Patricia Van Voorhis, Emily J . Salisbury: Correctionnal Counseling and Rehabilitation,
Cognitive Restructuring Approaches
Groupes de personnalité délinquante
Il est important à ce stade de discuter des stratégies de restructuration cognitive qui ont été développées pour cibler spécifiquement les schémas cognitifs dysfonctionnels des délinquants. Un certain nombre d’explications du comportement criminel suggèrent que les délinquants font preuve d’orientations criminelles caractéristiques, telles que blâmer les victimes, affirmer leur droit à la propriété et à la sécurité personnelle d’autrui, ainsi que d’autres styles de pensée qui servent à soutenir leur comportement criminel.
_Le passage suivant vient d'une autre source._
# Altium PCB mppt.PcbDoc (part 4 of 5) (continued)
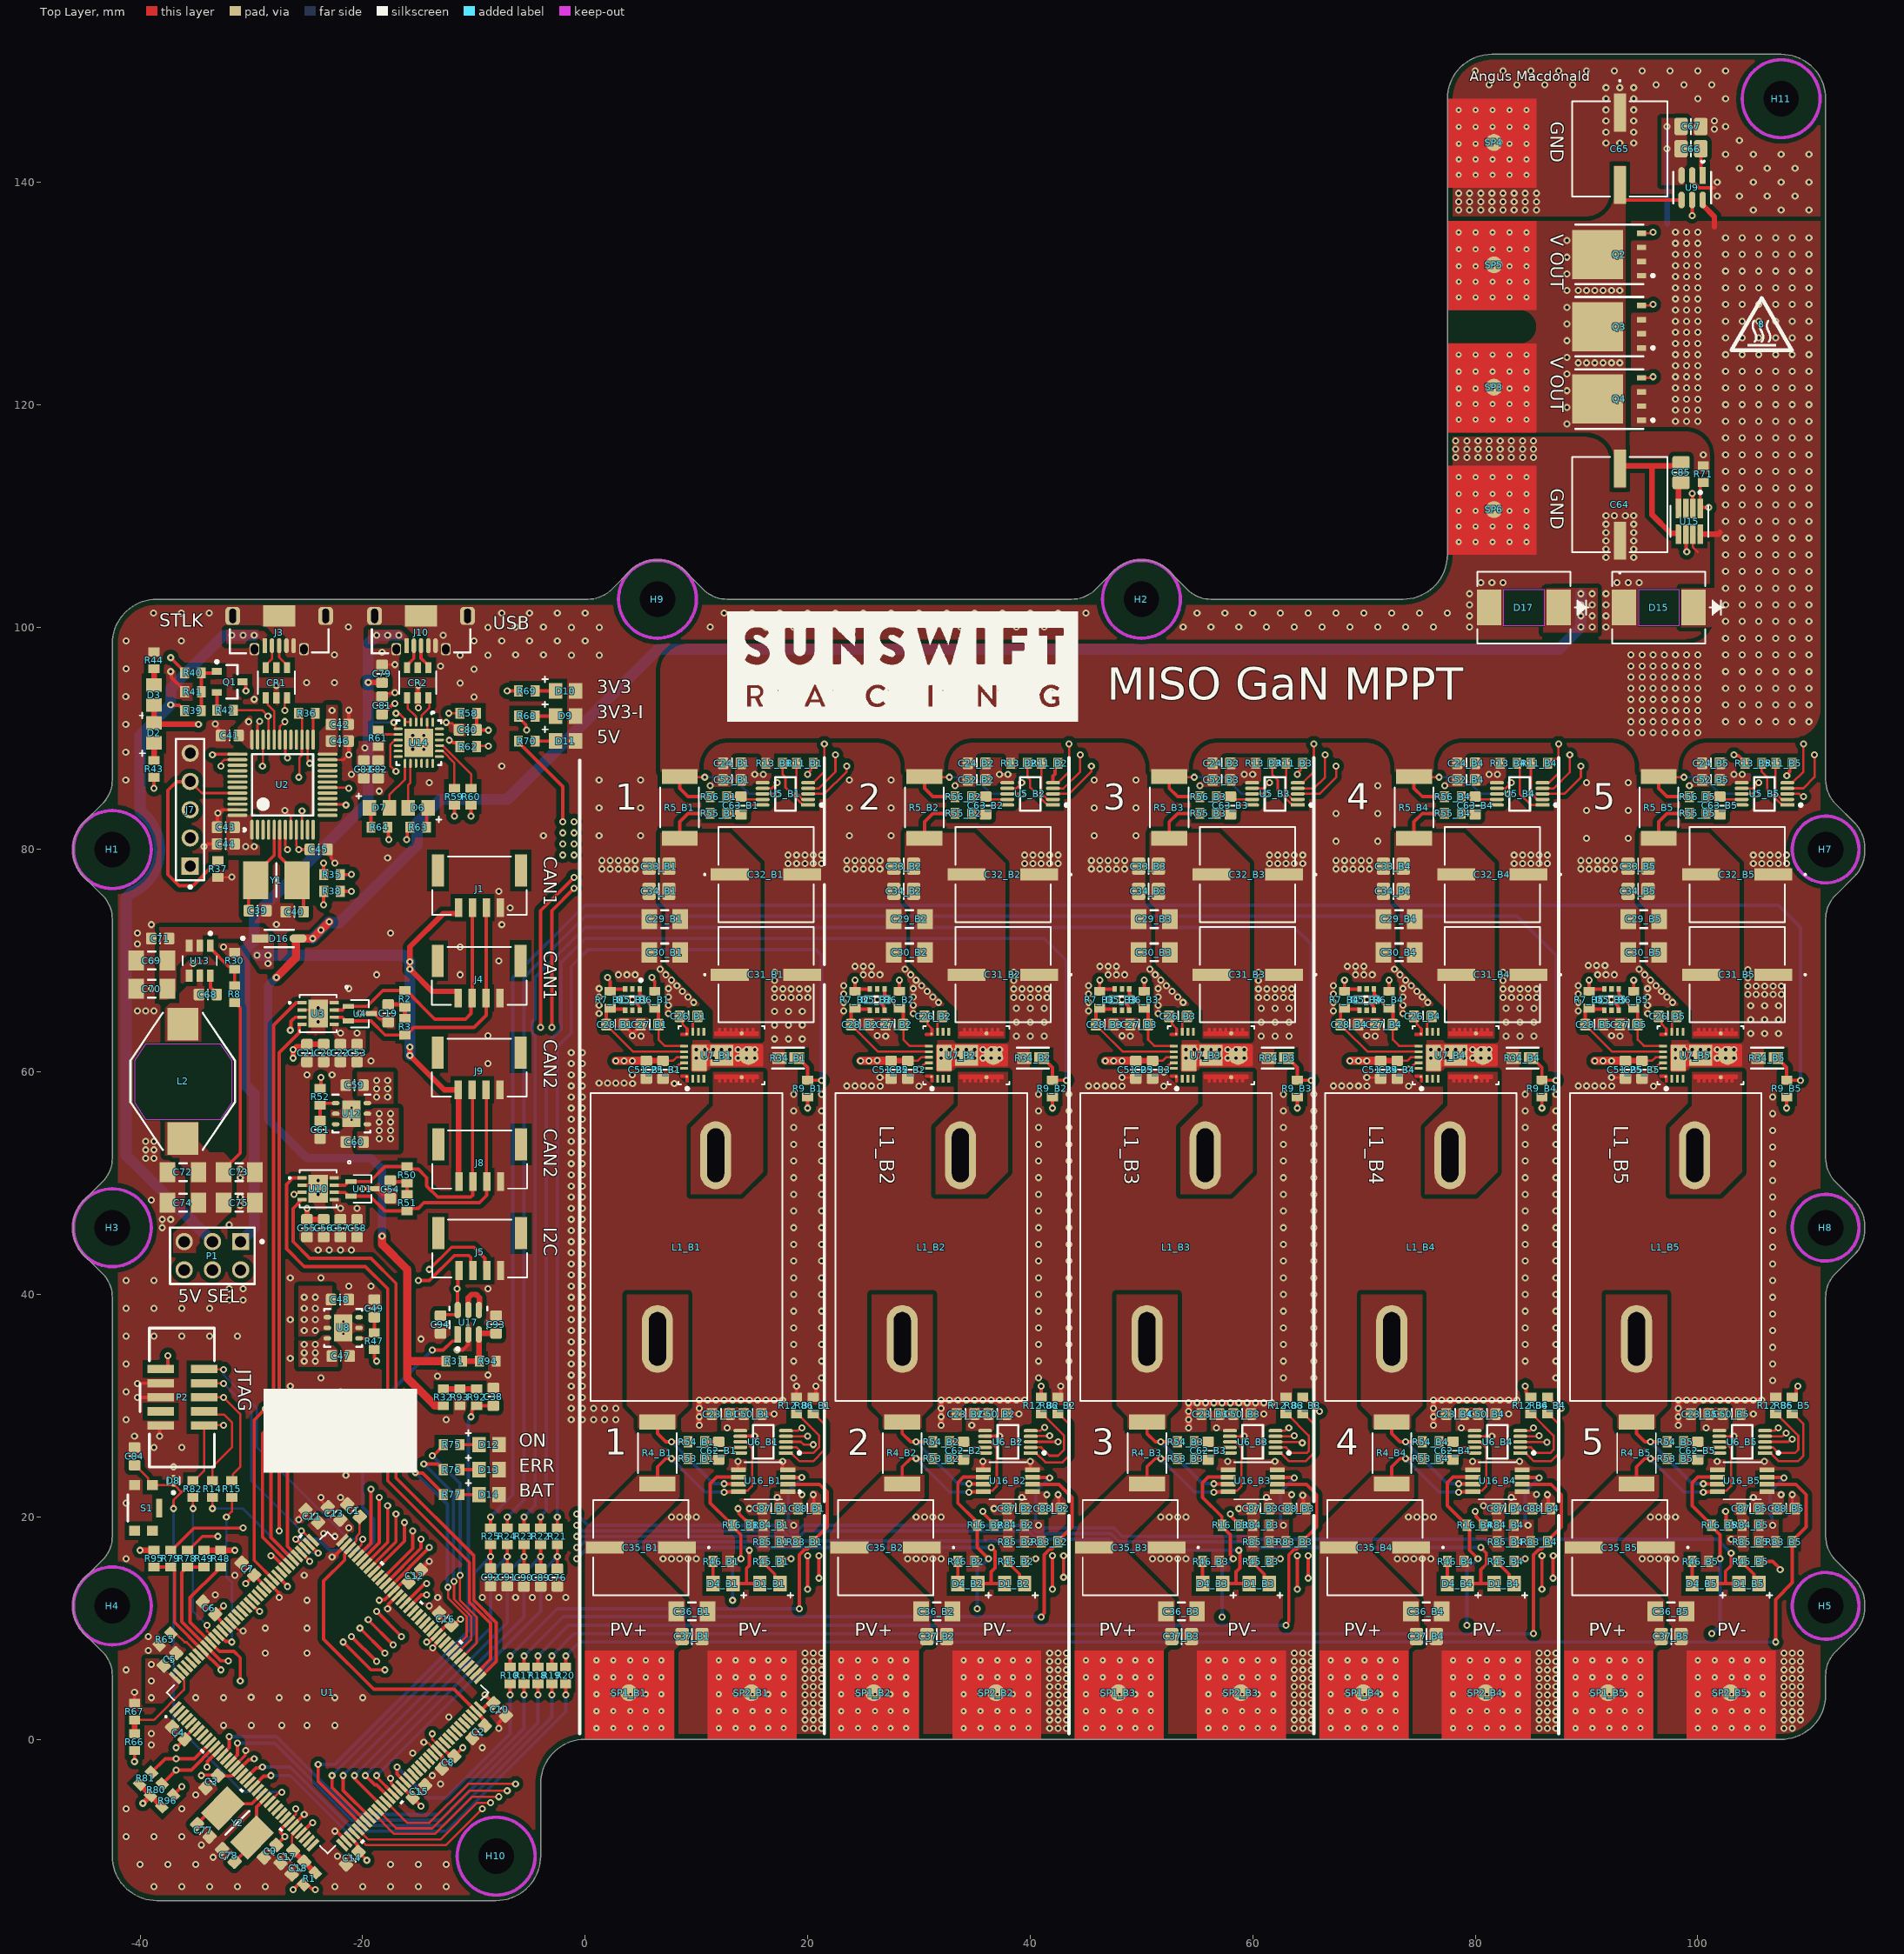
[diagram p0: Top Layer view]
## Nets (pads, with @x,y where several pads share a name; then routed paths per layer and width w, separated by ;. In a path a pad name is that pad's centre, name@x,y a point inside that pad or via, vN(x,y) a via of type N, cw(c..) or ccw(c..) an arc to the next point about the centre after c; other vN are vias at no path point) (continued)
  Top Layer w0.3: R76.1@-11.25,24.25 D13.A@-9.5,24.25
NetD14_A: D14.A R77.2 | length 1.7
  Top Layer w0.3: R77.2@-11.25,22 D14.A@-9.55,22
NetL1_B1_1: L1_B1.1 U7_B1.5
NetL1_B1_2: L1_B1.2 R4_B1.2 R54_B1.2 U16_B1.7 | length 11.7
  Top Layer w0.3: R4_B1.2@6.5,28.531 6.5,27.5 7.25,26.75 v1(7.75,26.75) R54_B1.2@9.25,26.75 ; v1(12.5,22.98) 12.528,22.953 13.756,22.953 U16_B1.7@13.784,22.925
  Bottom Layer w0.3: v1(7.75,26.75) 11.5,23 12.481,23 v1(12.5,22.98)
NetL1_B2_1: L1_B2.1 U7_B2.5
NetL1_B2_2: L1_B2.2 R4_B2.2 R54_B2.2 U16_B2.7 | length 11.7
  Top Layer w0.3: R4_B2.2@28.5,28.531 28.5,27.5 29.25,26.75 v1(29.75,26.75) R54_B2.2@31.25,26.75 ; v1(34.5,22.98) 34.528,22.953 35.756,22.953 U16_B2.7@35.784,22.925
  Bottom Layer w0.3: v1(29.75,26.75) 33.5,23 34.481,23 v1(34.5,22.98)
NetL1_B3_1: L1_B3.1 U7_B3.5
NetL1_B3_2: L1_B3.2 R4_B3.2 R54_B3.2 U16_B3.7 | length 11.7
  Top Layer w0.3: R4_B3.2@50.5,28.531 50.5,27.5 51.25,26.75 v1(51.75,26.75) R54_B3.2@53.25,26.75 ; v1(56.5,22.98) 56.528,22.953 57.756,22.953 U16_B3.7@57.784,22.925
  Bottom Layer w0.3: v1(51.75,26.75) 55.5,23 56.481,23 v1(56.5,22.98)
NetL1_B4_1: L1_B4.1 U7_B4.5
NetL1_B4_2: L1_B4.2 R4_B4.2 R54_B4.2 U16_B4.7 | length 11.7
  Top Layer w0.3: R4_B4.2@72.5,28.531 72.5,27.5 73.25,26.75 v1(73.75,26.75) R54_B4.2@75.25,26.75 ; v1(78.5,22.98) 78.528,22.953 79.756,22.953 U16_B4.7@79.784,22.925
  Bottom Layer w0.3: v1(73.75,26.75) 77.5,23 78.481,23 v1(78.5,22.98)
NetL1_B5_1: L1_B5.1 U7_B5.5
NetL1_B5_2: L1_B5.2 R4_B5.2 R54_B5.2 U16_B5.7 | length 11.7
  Top Layer w0.3: R4_B5.2@94.5,28.531 94.5,27.5 95.25,26.75 v1(95.75,26.75) R54_B5.2@97.25,26.75 ; v1(100.5,22.98) 100.528,22.953 101.756,22.953 U16_B5.7@101.784,22.925
  Bottom Layer w0.3: v1(95.75,26.75) 99.5,23 100.481,23 v1(100.5,22.98)
NetQ1_1: Q1.1 R39.2 R40.2 R41.1 | length 4.9
  Top Layer w0.3: R39.2@-34.5,92.475 R41.1@-34.5,94.175 R40.2@-34.5,95.875 -33.65,95.875 -33.25,95.875 Q1.1@-33.1,96.025
NetQ1_2: Q1.2 R42.2 | length 1.6
  Top Layer w0.3: R42.2@-33.1,92.525 Q1.2@-33.1,94.125
NetQ2_4: Q2.4 Q3.4 U9.5 | length 14.1
  Top Layer w0.203: Q3.4@94.95,128.905 v1@95.905,128.905 ; Q2.4@94.95,135.405 95.905,135.405 ccw(c95.905,135.5) v1(96,135.5)
  Top Layer w0.3: v1(99.5,137) U9.5@99.5,138.4
  Layer 2 w0.3: v1(96,129) v1(96,135.5) 97.5,137 v1(99.5,137)
NetQ4_4: Q4.4 U15.6 | length 19.7
  Top Layer w0.203: Q4.4@94.95,122.405 95.905,122.405 ccw(c95.905,122.5) v1(96,122.5)
  Top Layer w0.3: U15.6@98.925,108.349 98.97,108.304 98.97,106.818 v1(99.015,106.773)
  Layer 2 w0.3: v1(96,122.5) 96,109.75 v1@99,106.75
NetR8_1: R8.1 R30.2 U13.1 | length 4.7
  Top Layer w0.3: U13.1@-33.686,71.362 -33.686,71.112 -32.074,69.5 -31.75,69.5 R30.2@-31.5,69.25 R8.1@-31.5,67.75
NetR11_B1_1: R11_B1.1 U5_B1.2 | length 4
  Top Layer w0.203: R11_B1.1@19,87.75 19,85.071 19.571,84.5 U5_B1.2@20.051,84.5
NetR11_B2_1: R11_B2.1 U5_B2.2 | length 4
  Top Layer w0.203: R11_B2.1@41,87.75 41,85.071 41.571,84.5 U5_B2.2@42.051,84.5
NetR11_B3_1: R11_B3.1 U5_B3.2 | length 4
  Top Layer w0.203: R11_B3.1@63,87.75 63,85.071 63.571,84.5 U5_B3.2@64.051,84.5
NetR11_B4_1: R11_B4.1 U5_B4.2 | length 4
  Top Layer w0.203: R11_B4.1@85,87.75 85,85.071 85.571,84.5 U5_B4.2@86.051,84.5
NetR11_B5_1: R11_B5.1 U5_B5.2 | length 4
  Top Layer w0.203: R11_B5.1@107,87.75 107,85.071 107.571,84.5 U5_B5.2@108.051,84.5
NetR12_B1_2: R12_B1.2 U6_B1.2 | length 7.3
  Top Layer w0.203: U6_B1.2@18.051,26.25 19,26.25 19.5,25.75 20.522,25.75 21.046,26.274 21.046,27.304 19.1,29.25 R12_B1.2@19,29.25
NetR12_B2_2: R12_B2.2 U6_B2.2 | length 7.6
  Top Layer w0.203: U6_B2.2@40.051,26.25 41,26.25 41.75,25.5 42.5,25.5 43.046,26.046 43.046,27.304 41.1,29.25 R12_B2.2@41,29.25
NetR12_B3_2: R12_B3.2 U6_B3.2 | length 7.5
  Top Layer w0.203: U6_B3.2@62.051,26.25 63,26.25 63.5,25.75 64.881,25.75 65.046,25.915 65.046,27.304 63.1,29.25 R12_B3.2@63,29.25
NetR12_B4_2: R12_B4.2 U6_B4.2 | length 7.4
  Top Layer w0.203: U6_B4.2@84.051,26.25 85,26.25 85.5,25.75 86.75,25.75 87.046,26.046 87.046,27.304 85.1,29.25 R12_B4.2@85,29.25
NetR12_B5_2: R12_B5.2 U6_B5.2 | length 7.4
  Top Layer w0.203: U6_B5.2@106.051,26.25 106.06,26.241 106.759,26.241 107.25,25.75 108.75,25.75 109.046,26.046 109.046,27.304 107.1,29.25 R12_B5.2@107,29.25
NetR13_B1_1: R13_B1.1 U5_B1.1 | length 5
  Top Layer w0.203: R13_B1.1@17.75,87.75 17.75,86.75 18,86.5 18,85.571 19.43,84.141 19.438,84.141 19.579,84 U5_B1.1@20.051,84
NetR13_B2_1: R13_B2.1 U5_B2.1 | length 5
  Top Layer w0.203: R13_B2.1@39.75,87.75 39.75,86.5 40,86.25 40,85.571 41.43,84.141 41.438,84.141 41.579,84 U5_B2.1@42.051,84
NetR13_B3_1: R13_B3.1 U5_B3.1 | length 5
  Top Layer w0.203: R13_B3.1@61.75,87.75 61.75,86.75 62.25,86.25 62.25,85.321 63.43,84.141 63.438,84.141 63.579,84 U5_B3.1@64.051,84
NetR13_B4_1: R13_B4.1 U5_B4.1 | length 5.3
  Top Layer w0.203: R13_B4.1@83.75,87.75 84,87.5 84,85 85,84 U5_B4.1@86.051,84
NetR13_B5_1: R13_B5.1 U5_B5.1 | length 5
  Top Layer w0.203: R13_B5.1@105.75,87.75 105.75,87 106.25,86.5 106.25,85.321 107.43,84.141 107.438,84.141 107.579,84 U5_B5.1@108.051,84
NetR32_1: R32.1 R92.1 R93.2 | length 3
  Top Layer w0.5: R32.1@-12.75,31.5 R93.2@-11.25,31.5 R92.1@-9.75,31.5
NetR35_1: R35.1 U2.10 | length 11
  Top Layer w0.203: U2.10@-25.45,81.775 v1@-25.45,83.45
  Top Layer w0.3: R35.1@-22,77.75 v1(-21,77.75)
  Layer 2 w0.3: v1(-25.45,83.475) -24.225,83.475 -22.463,81.713 -22.463,80.851 -21,79.388 v1(-21,77.75)
NetR36_1: R36.1 U2.25 | length 2.5
  Top Layer w0.203: U2.25@-24.45,89.875 -24.45,92.05 R36.1@-24.25,92.25
NetR38_1: R38.1 U2.7 | length 12.1
  Top Layer w0.203: U2.7@-26.95,81.775 -26.95,80.317 -26.75,80.117 v1(-26.75,80)
  Top Layer w0.3: R38.1@-22,76.25 v1(-21,76.25)
  Layer 2 w0.3: v1(-26.75,80) -26.156,80.594 -22.844,80.594 -21.75,79.5 -21.75,77 v1(-21,76.25)
NetR58_2: R58.2 U14.5 U14.6 | length 8.2
  Top Layer w0.203: v1(-17,92.25) -16.917,92.167 -16.631,92.167 -16.2,91.736 U14.6@-16.2,91.451 U14.5@-15.7,91.451 ; v1(-12.25,92.25) R58.2@-11.25,92.25
  Layer 2 w0.203: v1(-17,92.25) -16.25,91.5 -13.5,91.5 -12.75,92.25 v1(-12.25,92.25)
NetR59_2: R59.2 U14.20 | length 4.1
  Top Layer w0.203: U14.20@-13.099,88.85 -12.814,88.85 -11.75,87.786 R59.2@-11.75,85.5
NetR60_2: R60.2 U14.21 | length 5.2
  Top Layer w0.203: U14.21@-13.099,89.35 -12.814,89.35 -10.25,86.786 R60.2@-10.25,85.5
NetR61_1: R61.1 U14.8 | length 2
  Top Layer w0.203: R61.1@-18.6,90.75 -18.5,90.75 -18.1,90.35 U14.8@-16.801,90.35
NetR62_2: R62.2 U14.9 | length 13.8
  Top Layer w0.203: v1@-17,87 -17.5,87.5 -17.5,89.436 -17.086,89.85 U14.9@-16.801,89.85 ; R62.2@-9.75,89.25 -9.7,89.3 v1(-8.7,89.3)
  Layer 2 w0.203: v1(-17,87.025) -10.975,87.025 v1(-8.7,89.3)
NetR65_1: R65.1 U1.138 | length 3.2
  Top Layer w0.203: R65.1@-37.22,9.53 -36.798,9.53 -35.996,8.729 -35.81,8.729 -34.832,7.75 U1.138@-34.75,7.75
NetR66_2: R66.2 R67.1 U1.143 | length 8.4
  Top Layer w0.203: R67.1@-40.5,1.75 -38.75,1.75 -36.045,4.455 -36.045,5.32 -36.497,5.772 U1.143@-36.497,5.879
  Top Layer w0.5: R66.2@-40.5,0.5 R67.1@-40.5,1.75
NetR82_1: R82.1 U1.134 | length 13.5
  Top Layer w0.203: v1(-35.25,20.75) R82.1@-35.25,21.75 ; v1(-34,10.25) -34,9.747 U1.134@-33.315,9.061
  Bottom Layer w0.203: v1(-35.25,20.75) -35.25,11.5 v1(-34,10.25)
NetR83_B1_1: R83_B1.1 R84_B1.2 R85_B1.2 U16_B1.3 | length 6.3
  Top Layer w0.3: U16_B1.3@18.216,23.575 18.238,23.553 19.447,23.553 v1(19.468,23.532)
  Bottom Layer w0.3: v1(18.75,19.25) 18.25,19.75 18.25,22.25 19.468,23.468 v1(19.468,23.532)
NetR83_B2_1: R83_B2.1 R84_B2.2 R85_B2.2 U16_B2.3 | length 6.4
  Top Layer w0.3: U16_B2.3@40.216,23.575 40.243,23.548 41.723,23.548 v1(41.75,23.52)
  Bottom Layer w0.3: v1(40.75,19.25) 40.75,19.341 40.5,19.591 40.5,22.27 v1(41.75,23.52)
NetR83_B3_1: R83_B3.1 R84_B3.2 R85_B3.2 U16_B3.3 | length 6.4
  Top Layer w0.3: U16_B3.3@62.216,23.575 62.243,23.548 63.723,23.548 v1(63.75,23.52)
  Bottom Layer w0.3: v1(62.75,19.25) 62.75,19.341 62.5,19.591 62.5,22.27 v1(63.75,23.52)
NetR83_B4_1: R83_B4.1 R84_B4.2 R85_B4.2 U16_B4.3 | length 6.4
  Top Layer w0.3: U16_B4.3@84.216,23.575 84.243,23.548 85.723,23.548 v1(85.75,23.52)
  Bottom Layer w0.3: v1(84.75,19.25) 84.75,19.341 84.5,19.591 84.5,22.27 v1(85.75,23.52)
NetR83_B5_1: R83_B5.1 R84_B5.2 R85_B5.2 U16_B5.3 | length 6.4
  Top Layer w0.3: U16_B5.3@106.216,23.575 106.243,23.548 107.723,23.548 v1(107.75,23.52)
  Bottom Layer w0.3: v1(106.742,19.258) 106.678,19.322 106.678,19.998 106.5,20.176 106.5,22.27 v1(107.75,23.52)
NetR86_B1_2: R86_B1.2 U6_B1.1 | length 7.9
  Top Layer w0.203: U6_B1.1@18.051,25.75 18.523,25.75 19.273,25 20.5,25 21.5,26 21.5,28.35 20.6,29.25 R86_B1.2@20.5,29.25
NetR86_B2_2: R86_B2.2 U6_B2.1 | length 8.3
  Top Layer w0.203: U6_B2.1@40.051,25.75 40.523,25.75 41.369,24.904 42.904,24.904 43.5,25.5 43.5,28.35 42.6,29.25 R86_B2.2@42.5,29.25
NetR86_B3_2: R86_B3.2 U6_B3.1 | length 8
  Top Layer w0.203: U6_B3.1@62.051,25.75 62.523,25.75 63.273,25 64.75,25 65.5,25.75 65.5,28.35 64.6,29.25 R86_B3.2@64.5,29.25
NetR86_B4_2: R86_B4.2 U6_B4.1 | length 8.1
  Top Layer w0.203: U6_B4.1@84.051,25.75 84.523,25.75 85.273,25 86.812,25 87.5,25.688 87.5,28.35 86.6,29.25 R86_B4.2@86.5,29.25
NetR86_B5_2: R86_B5.2 U6_B5.1 | length 8.2
  Top Layer w0.203: U6_B5.1@106.051,25.75 106.523,25.75 107.273,25 109,25 109.5,25.5 109.5,28.35 108.6,29.25 R86_B5.2@108.5,29.25
NetU17_4: U17.4 U17.5 | length 3.3
  Top Layer w0.5: U17.5@-10.5,38.6 -10.5,39.707 -10.207,40 -9.793,40 -9.5,39.707 U17.4@-9.5,38.75
NTC_1: R9_B1.1 R21.1 R34_B1.2 | length 89.3
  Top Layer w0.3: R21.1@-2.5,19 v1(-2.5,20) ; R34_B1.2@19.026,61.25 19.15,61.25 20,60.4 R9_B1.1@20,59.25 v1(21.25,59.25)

Yochelson et Samenow (1976), et plus tard Samenow (1984, 2001), ont identifié plus de 50 de ces « erreurs de pensée » dans leur travail avec les délinquants à l’hôpital St Elizabeth. Selon Yochelson et Samenow, les criminels présentent les caractéristiques suivantes :
- Ils blâment les autres pour leur comportement criminel, en soutenant, par exemple, qu’ils « ne pouvaient pas s’en empêcher », ou que quelqu’un d’autre « les a poussés à le faire ».
- Ils développent une attitude de « je ne peux pas » face à leurs propres responsabilités.
- Ils ne comprennent souvent pas le concept de préjudice causé aux autres.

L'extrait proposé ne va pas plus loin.